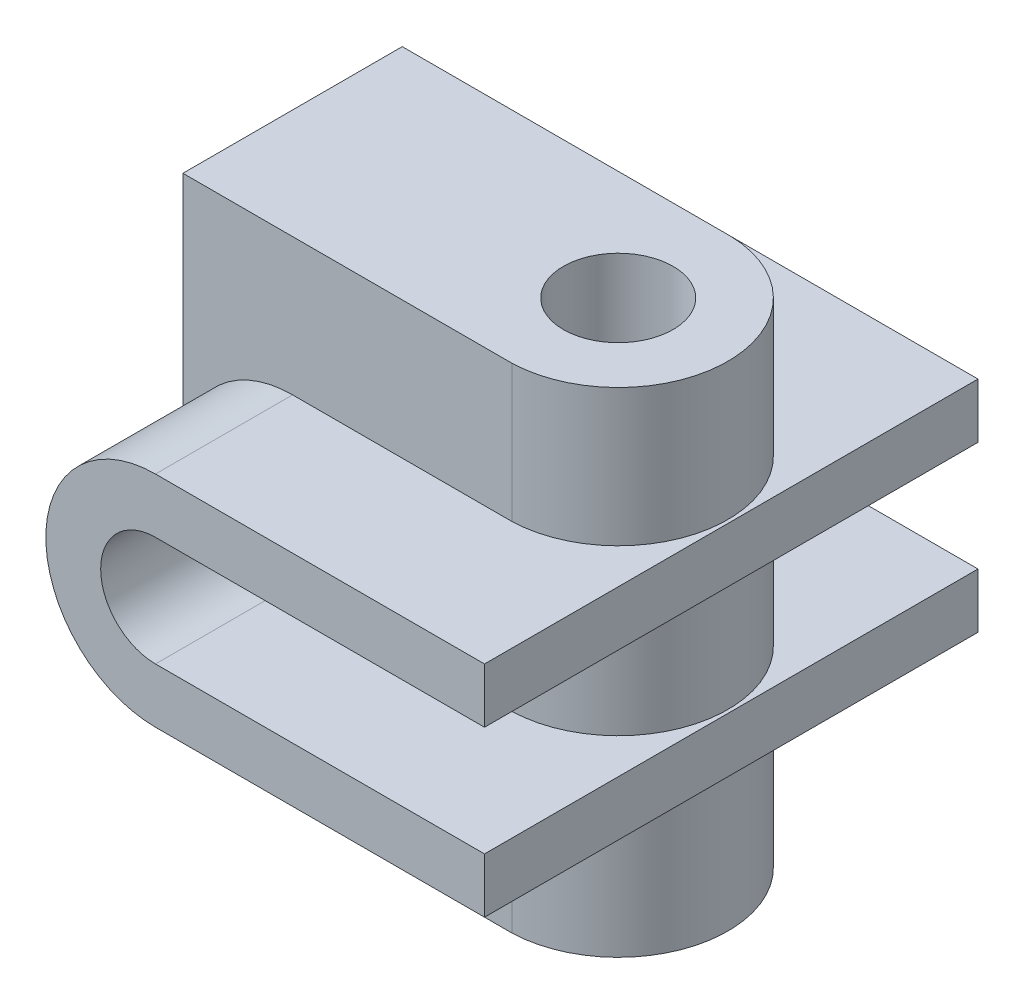
ISO-10303-21;
HEADER;
FILE_DESCRIPTION(('STEP AP214'),'2;1');
FILE_NAME('part.step','',(''),(''),'','','');
FILE_SCHEMA(('AUTOMOTIVE_DESIGN { 1 0 10303 214 1 1 1 1 }'));
ENDSEC;
DATA;
#1=APPLICATION_CONTEXT('core data for automotive mechanical design processes');
#2=APPLICATION_PROTOCOL_DEFINITION('international standard','automotive_design',2000,#1);
#3=PRODUCT_CONTEXT('',#1,'mechanical');
#4=PRODUCT('Part','Part','',(#3));
#5=PRODUCT_RELATED_PRODUCT_CATEGORY('part','',(#4));
#6=PRODUCT_DEFINITION_FORMATION('','',#4);
#7=PRODUCT_DEFINITION_CONTEXT('part definition',#1,'design');
#8=PRODUCT_DEFINITION('design','',#6,#7);
#9=PRODUCT_DEFINITION_SHAPE('','',#8);
#10=(LENGTH_UNIT() NAMED_UNIT(*) SI_UNIT(.MILLI.,.METRE.));
#11=(NAMED_UNIT(*) PLANE_ANGLE_UNIT() SI_UNIT($,.RADIAN.));
#12=(NAMED_UNIT(*) SI_UNIT($,.STERADIAN.) SOLID_ANGLE_UNIT());
#13=UNCERTAINTY_MEASURE_WITH_UNIT(LENGTH_MEASURE(1.E-05),#10,'distance_accuracy_value','');
#14=(GEOMETRIC_REPRESENTATION_CONTEXT(3) GLOBAL_UNCERTAINTY_ASSIGNED_CONTEXT((#13)) GLOBAL_UNIT_ASSIGNED_CONTEXT((#10,
#11,#12)) REPRESENTATION_CONTEXT('',''));
#15=CARTESIAN_POINT('',(0.,0.,0.));
#16=DIRECTION('',(0.,0.,1.));
#17=DIRECTION('',(1.,0.,0.));
#18=AXIS2_PLACEMENT_3D('',#15,#16,#17);
#19=CARTESIAN_POINT('',(0.,0.,90.));
#20=DIRECTION('',(0.,0.,-1.));
#21=DIRECTION('',(-1.,0.,0.));
#22=AXIS2_PLACEMENT_3D('',#19,#20,#21);
#23=CYLINDRICAL_SURFACE('',#22,20.);
#24=CARTESIAN_POINT('',(0.,0.,65.0000000000001));
#25=DIRECTION('',(0.,0.,1.));
#26=DIRECTION('',(1.,0.,0.));
#27=AXIS2_PLACEMENT_3D('',#24,#25,#26);
#28=CIRCLE('',#27,20.);
#29=CARTESIAN_POINT('',(-20.,0.,65.0000000000001));
#30=VERTEX_POINT('',#29);
#31=CARTESIAN_POINT('',(0.,20.,65.0000000000001));
#32=VERTEX_POINT('',#31);
#33=EDGE_CURVE('E284',#30,#32,#28,.F.);
#34=ORIENTED_EDGE('',*,*,#33,.F.);
#35=CARTESIAN_POINT('',(0.,-20.,65.0000000000001));
#36=VERTEX_POINT('',#35);
#37=EDGE_CURVE('E280',#36,#30,#28,.F.);
#38=ORIENTED_EDGE('',*,*,#37,.F.);
#39=DIRECTION('',(0.,0.,-1.));
#40=VECTOR('',#39,1.);
#41=CARTESIAN_POINT('',(0.,-20.,90.));
#42=LINE('',#41,#40);
#43=CARTESIAN_POINT('',(0.,-20.,90.));
#44=VERTEX_POINT('',#43);
#45=EDGE_CURVE('E402',#44,#36,#42,.T.);
#46=ORIENTED_EDGE('',*,*,#45,.F.);
#47=CARTESIAN_POINT('',(0.,0.,90.));
#48=DIRECTION('',(0.,0.,-1.));
#49=DIRECTION('',(1.,0.,0.));
#50=AXIS2_PLACEMENT_3D('',#47,#48,#49);
#51=CIRCLE('',#50,20.);
#52=CARTESIAN_POINT('',(0.,20.,90.));
#53=VERTEX_POINT('',#52);
#54=EDGE_CURVE('E337',#44,#53,#51,.T.);
#55=ORIENTED_EDGE('',*,*,#54,.T.);
#56=DIRECTION('',(0.,0.,-1.));
#57=VECTOR('',#56,1.);
#58=CARTESIAN_POINT('',(0.,20.,90.));
#59=LINE('',#58,#57);
#60=EDGE_CURVE('E406',#53,#32,#59,.T.);
#61=ORIENTED_EDGE('',*,*,#60,.T.);
#62=EDGE_LOOP('',(#34,#38,#46,#55,#61));
#63=FACE_BOUND('',#62,.T.);
#64=ADVANCED_FACE('F46',(#63),#23,.T.);
#65=CARTESIAN_POINT('',(0.,0.,90.));
#66=DIRECTION('',(0.,0.,-1.));
#67=DIRECTION('',(-1.,0.,0.));
#68=AXIS2_PLACEMENT_3D('',#65,#66,#67);
#69=CYLINDRICAL_SURFACE('',#68,10.);
#70=DIRECTION('',(0.,0.,-1.));
#71=VECTOR('',#70,1.);
#72=CARTESIAN_POINT('',(0.,10.,90.));
#73=LINE('',#72,#71);
#74=CARTESIAN_POINT('',(0.,10.,25.0000000000001));
#75=VERTEX_POINT('',#74);
#76=CARTESIAN_POINT('',(0.,10.,0.));
#77=VERTEX_POINT('',#76);
#78=EDGE_CURVE('E355',#75,#77,#73,.T.);
#79=ORIENTED_EDGE('',*,*,#78,.F.);
#80=CARTESIAN_POINT('',(0.,0.,25.0000000000001));
#81=DIRECTION('',(0.,0.,-1.));
#82=DIRECTION('',(-1.,0.,0.));
#83=AXIS2_PLACEMENT_3D('',#80,#81,#82);
#84=CIRCLE('',#83,10.);
#85=CARTESIAN_POINT('',(0.,-10.,25.0000000000001));
#86=VERTEX_POINT('',#85);
#87=EDGE_CURVE('E420',#75,#86,#84,.F.);
#88=ORIENTED_EDGE('',*,*,#87,.T.);
#89=DIRECTION('',(0.,0.,-1.));
#90=VECTOR('',#89,1.);
#91=CARTESIAN_POINT('',(0.,-10.,90.));
#92=LINE('',#91,#90);
#93=CARTESIAN_POINT('',(0.,-10.,0.));
#94=VERTEX_POINT('',#93);
#95=EDGE_CURVE('E390',#86,#94,#92,.T.);
#96=ORIENTED_EDGE('',*,*,#95,.T.);
#97=CARTESIAN_POINT('',(0.,0.,0.));
#98=DIRECTION('',(0.,0.,1.));
#99=DIRECTION('',(1.,0.,0.));
#100=AXIS2_PLACEMENT_3D('',#97,#98,#99);
#101=CIRCLE('',#100,10.);
#102=EDGE_CURVE('E329',#94,#77,#101,.F.);
#103=ORIENTED_EDGE('',*,*,#102,.T.);
#104=EDGE_LOOP('',(#79,#88,#96,#103));
#105=FACE_BOUND('',#104,.T.);
#106=ADVANCED_FACE('F510',(#105),#69,.F.);
#107=CARTESIAN_POINT('',(0.,10.,90.));
#108=DIRECTION('',(0.,1.,0.));
#109=DIRECTION('',(0.,0.,1.));
#110=AXIS2_PLACEMENT_3D('',#107,#108,#109);
#111=PLANE('',#110);
#112=CARTESIAN_POINT('',(39.3871556719854,10.,45.0000000000001));
#113=DIRECTION('',(0.,1.,0.));
#114=DIRECTION('',(0.,0.,1.));
#115=AXIS2_PLACEMENT_3D('',#112,#113,#114);
#116=CIRCLE('',#115,20.0093872512473);
#117=CARTESIAN_POINT('',(40.,9.99999999999999,65.0000000000001));
#118=VERTEX_POINT('',#117);
#119=CARTESIAN_POINT('',(40.,9.99999999999999,25.0000000000001));
#120=VERTEX_POINT('',#119);
#121=EDGE_CURVE('E320',#118,#120,#116,.T.);
#122=ORIENTED_EDGE('',*,*,#121,.T.);
#123=DIRECTION('',(-1.,0.,0.));
#124=VECTOR('',#123,1.);
#125=CARTESIAN_POINT('',(0.,10.,25.0000000000001));
#126=LINE('',#125,#124);
#127=EDGE_CURVE('E292',#120,#75,#126,.T.);
#128=ORIENTED_EDGE('',*,*,#127,.T.);
#129=ORIENTED_EDGE('',*,*,#78,.T.);
#130=DIRECTION('',(1.,0.,0.));
#131=VECTOR('',#130,1.);
#132=CARTESIAN_POINT('',(0.,10.,0.));
#133=LINE('',#132,#131);
#134=CARTESIAN_POINT('',(60.,10.,0.));
#135=VERTEX_POINT('',#134);
#136=EDGE_CURVE('E324',#77,#135,#133,.T.);
#137=ORIENTED_EDGE('',*,*,#136,.T.);
#138=DIRECTION('',(0.,0.,-1.));
#139=VECTOR('',#138,1.);
#140=CARTESIAN_POINT('',(60.,10.,90.));
#141=LINE('',#140,#139);
#142=CARTESIAN_POINT('',(60.,10.,90.));
#143=VERTEX_POINT('',#142);
#144=EDGE_CURVE('E413',#143,#135,#141,.T.);
#145=ORIENTED_EDGE('',*,*,#144,.F.);
#146=DIRECTION('',(1.,0.,0.));
#147=VECTOR('',#146,1.);
#148=CARTESIAN_POINT('',(0.,10.,90.));
#149=LINE('',#148,#147);
#150=CARTESIAN_POINT('',(0.,10.,90.));
#151=VERTEX_POINT('',#150);
#152=EDGE_CURVE('E325',#151,#143,#149,.T.);
#153=ORIENTED_EDGE('',*,*,#152,.F.);
#154=CARTESIAN_POINT('',(0.,10.,65.0000000000001));
#155=VERTEX_POINT('',#154);
#156=EDGE_CURVE('E386',#151,#155,#73,.T.);
#157=ORIENTED_EDGE('',*,*,#156,.T.);
#158=DIRECTION('',(1.,0.,0.));
#159=VECTOR('',#158,1.);
#160=CARTESIAN_POINT('',(0.,10.,65.0000000000001));
#161=LINE('',#160,#159);
#162=EDGE_CURVE('E272',#155,#118,#161,.T.);
#163=ORIENTED_EDGE('',*,*,#162,.T.);
#164=EDGE_LOOP('',(#122,#128,#129,#137,#145,#153,#157,#163));
#165=FACE_BOUND('',#164,.T.);
#166=ADVANCED_FACE('F48',(#165),#111,.F.);
#167=CARTESIAN_POINT('',(60.,20.,90.));
#168=DIRECTION('',(1.,0.,0.));
#169=DIRECTION('',(0.,0.,-1.));
#170=AXIS2_PLACEMENT_3D('',#167,#168,#169);
#171=PLANE('',#170);
#172=DIRECTION('',(0.,-1.,0.));
#173=VECTOR('',#172,1.);
#174=CARTESIAN_POINT('',(60.,20.,0.));
#175=LINE('',#174,#173);
#176=CARTESIAN_POINT('',(60.,20.,0.));
#177=VERTEX_POINT('',#176);
#178=EDGE_CURVE('E359',#177,#135,#175,.T.);
#179=ORIENTED_EDGE('',*,*,#178,.F.);
#180=DIRECTION('',(0.,0.,-1.));
#181=VECTOR('',#180,1.);
#182=CARTESIAN_POINT('',(60.,20.,90.));
#183=LINE('',#182,#181);
#184=CARTESIAN_POINT('',(60.,20.,90.));
#185=VERTEX_POINT('',#184);
#186=EDGE_CURVE('E410',#185,#177,#183,.T.);
#187=ORIENTED_EDGE('',*,*,#186,.F.);
#188=DIRECTION('',(0.,-1.,0.));
#189=VECTOR('',#188,1.);
#190=CARTESIAN_POINT('',(60.,20.,90.));
#191=LINE('',#190,#189);
#192=EDGE_CURVE('E328',#185,#143,#191,.T.);
#193=ORIENTED_EDGE('',*,*,#192,.T.);
#194=ORIENTED_EDGE('',*,*,#144,.T.);
#195=EDGE_LOOP('',(#179,#187,#193,#194));
#196=FACE_BOUND('',#195,.T.);
#197=ADVANCED_FACE('F507',(#196),#171,.T.);
#198=CARTESIAN_POINT('',(0.,20.,90.));
#199=DIRECTION('',(0.,1.,0.));
#200=DIRECTION('',(0.,0.,1.));
#201=AXIS2_PLACEMENT_3D('',#198,#199,#200);
#202=PLANE('',#201);
#203=DIRECTION('',(-1.,0.,0.));
#204=VECTOR('',#203,1.);
#205=CARTESIAN_POINT('',(0.,20.,25.0000000000001));
#206=LINE('',#205,#204);
#207=CARTESIAN_POINT('',(40.,20.,25.0000000000001));
#208=VERTEX_POINT('',#207);
#209=CARTESIAN_POINT('',(0.,20.,25.0000000000001));
#210=VERTEX_POINT('',#209);
#211=EDGE_CURVE('E64',#208,#210,#206,.T.);
#212=ORIENTED_EDGE('',*,*,#211,.F.);
#213=CARTESIAN_POINT('',(39.3871556719854,20.,45.0000000000001));
#214=DIRECTION('',(0.,1.,0.));
#215=DIRECTION('',(0.,0.,1.));
#216=AXIS2_PLACEMENT_3D('',#213,#214,#215);
#217=CIRCLE('',#216,20.0093872512473);
#218=CARTESIAN_POINT('',(40.,20.,65.0000000000001));
#219=VERTEX_POINT('',#218);
#220=EDGE_CURVE('E68',#219,#208,#217,.T.);
#221=ORIENTED_EDGE('',*,*,#220,.F.);
#222=DIRECTION('',(1.,0.,0.));
#223=VECTOR('',#222,1.);
#224=CARTESIAN_POINT('',(0.,20.,65.0000000000001));
#225=LINE('',#224,#223);
#226=EDGE_CURVE('E285',#32,#219,#225,.T.);
#227=ORIENTED_EDGE('',*,*,#226,.F.);
#228=ORIENTED_EDGE('',*,*,#60,.F.);
#229=DIRECTION('',(1.,0.,0.));
#230=VECTOR('',#229,1.);
#231=CARTESIAN_POINT('',(0.,20.,90.));
#232=LINE('',#231,#230);
#233=EDGE_CURVE('E333',#53,#185,#232,.T.);
#234=ORIENTED_EDGE('',*,*,#233,.T.);
#235=ORIENTED_EDGE('',*,*,#186,.T.);
#236=DIRECTION('',(1.,0.,0.));
#237=VECTOR('',#236,1.);
#238=CARTESIAN_POINT('',(0.,20.,0.));
#239=LINE('',#238,#237);
#240=CARTESIAN_POINT('',(0.,20.,0.));
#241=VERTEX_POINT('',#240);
++++
DESCRIPTION OF THE TASK
Using only the entries above, output the line with "#86=VERTEX_POINT('',#85);", the line with "#146=DIRECTION('',(1.,0.,0.));", and all lines between them, exactly as they stand.

EXERCISE OUTPUT
#86=VERTEX_POINT('',#85);
#87=EDGE_CURVE('E420',#75,#86,#84,.F.);
#88=ORIENTED_EDGE('',*,*,#87,.T.);
#89=DIRECTION('',(0.,0.,-1.));
#90=VECTOR('',#89,1.);
#91=CARTESIAN_POINT('',(0.,-10.,90.));
#92=LINE('',#91,#90);
#93=CARTESIAN_POINT('',(0.,-10.,0.));
#94=VERTEX_POINT('',#93);
#95=EDGE_CURVE('E390',#86,#94,#92,.T.);
#96=ORIENTED_EDGE('',*,*,#95,.T.);
#97=CARTESIAN_POINT('',(0.,0.,0.));
#98=DIRECTION('',(0.,0.,1.));
#99=DIRECTION('',(1.,0.,0.));
#100=AXIS2_PLACEMENT_3D('',#97,#98,#99);
#101=CIRCLE('',#100,10.);
#102=EDGE_CURVE('E329',#94,#77,#101,.F.);
#103=ORIENTED_EDGE('',*,*,#102,.T.);
#104=EDGE_LOOP('',(#79,#88,#96,#103));
#105=FACE_BOUND('',#104,.T.);
#106=ADVANCED_FACE('F510',(#105),#69,.F.);
#107=CARTESIAN_POINT('',(0.,10.,90.));
#108=DIRECTION('',(0.,1.,0.));
#109=DIRECTION('',(0.,0.,1.));
#110=AXIS2_PLACEMENT_3D('',#107,#108,#109);
#111=PLANE('',#110);
#112=CARTESIAN_POINT('',(39.3871556719854,10.,45.0000000000001));
#113=DIRECTION('',(0.,1.,0.));
#114=DIRECTION('',(0.,0.,1.));
#115=AXIS2_PLACEMENT_3D('',#112,#113,#114);
#116=CIRCLE('',#115,20.0093872512473);
#117=CARTESIAN_POINT('',(40.,9.99999999999999,65.0000000000001));
#118=VERTEX_POINT('',#117);
#119=CARTESIAN_POINT('',(40.,9.99999999999999,25.0000000000001));
#120=VERTEX_POINT('',#119);
#121=EDGE_CURVE('E320',#118,#120,#116,.T.);
#122=ORIENTED_EDGE('',*,*,#121,.T.);
#123=DIRECTION('',(-1.,0.,0.));
#124=VECTOR('',#123,1.);
#125=CARTESIAN_POINT('',(0.,10.,25.0000000000001));
#126=LINE('',#125,#124);
#127=EDGE_CURVE('E292',#120,#75,#126,.T.);
#128=ORIENTED_EDGE('',*,*,#127,.T.);
#129=ORIENTED_EDGE('',*,*,#78,.T.);
#130=DIRECTION('',(1.,0.,0.));
#131=VECTOR('',#130,1.);
#132=CARTESIAN_POINT('',(0.,10.,0.));
#133=LINE('',#132,#131);
#134=CARTESIAN_POINT('',(60.,10.,0.));
#135=VERTEX_POINT('',#134);
#136=EDGE_CURVE('E324',#77,#135,#133,.T.);
#137=ORIENTED_EDGE('',*,*,#136,.T.);
#138=DIRECTION('',(0.,0.,-1.));
#139=VECTOR('',#138,1.);
#140=CARTESIAN_POINT('',(60.,10.,90.));
#141=LINE('',#140,#139);
#142=CARTESIAN_POINT('',(60.,10.,90.));
#143=VERTEX_POINT('',#142);
#144=EDGE_CURVE('E413',#143,#135,#141,.T.);
#145=ORIENTED_EDGE('',*,*,#144,.F.);
#146=DIRECTION('',(1.,0.,0.));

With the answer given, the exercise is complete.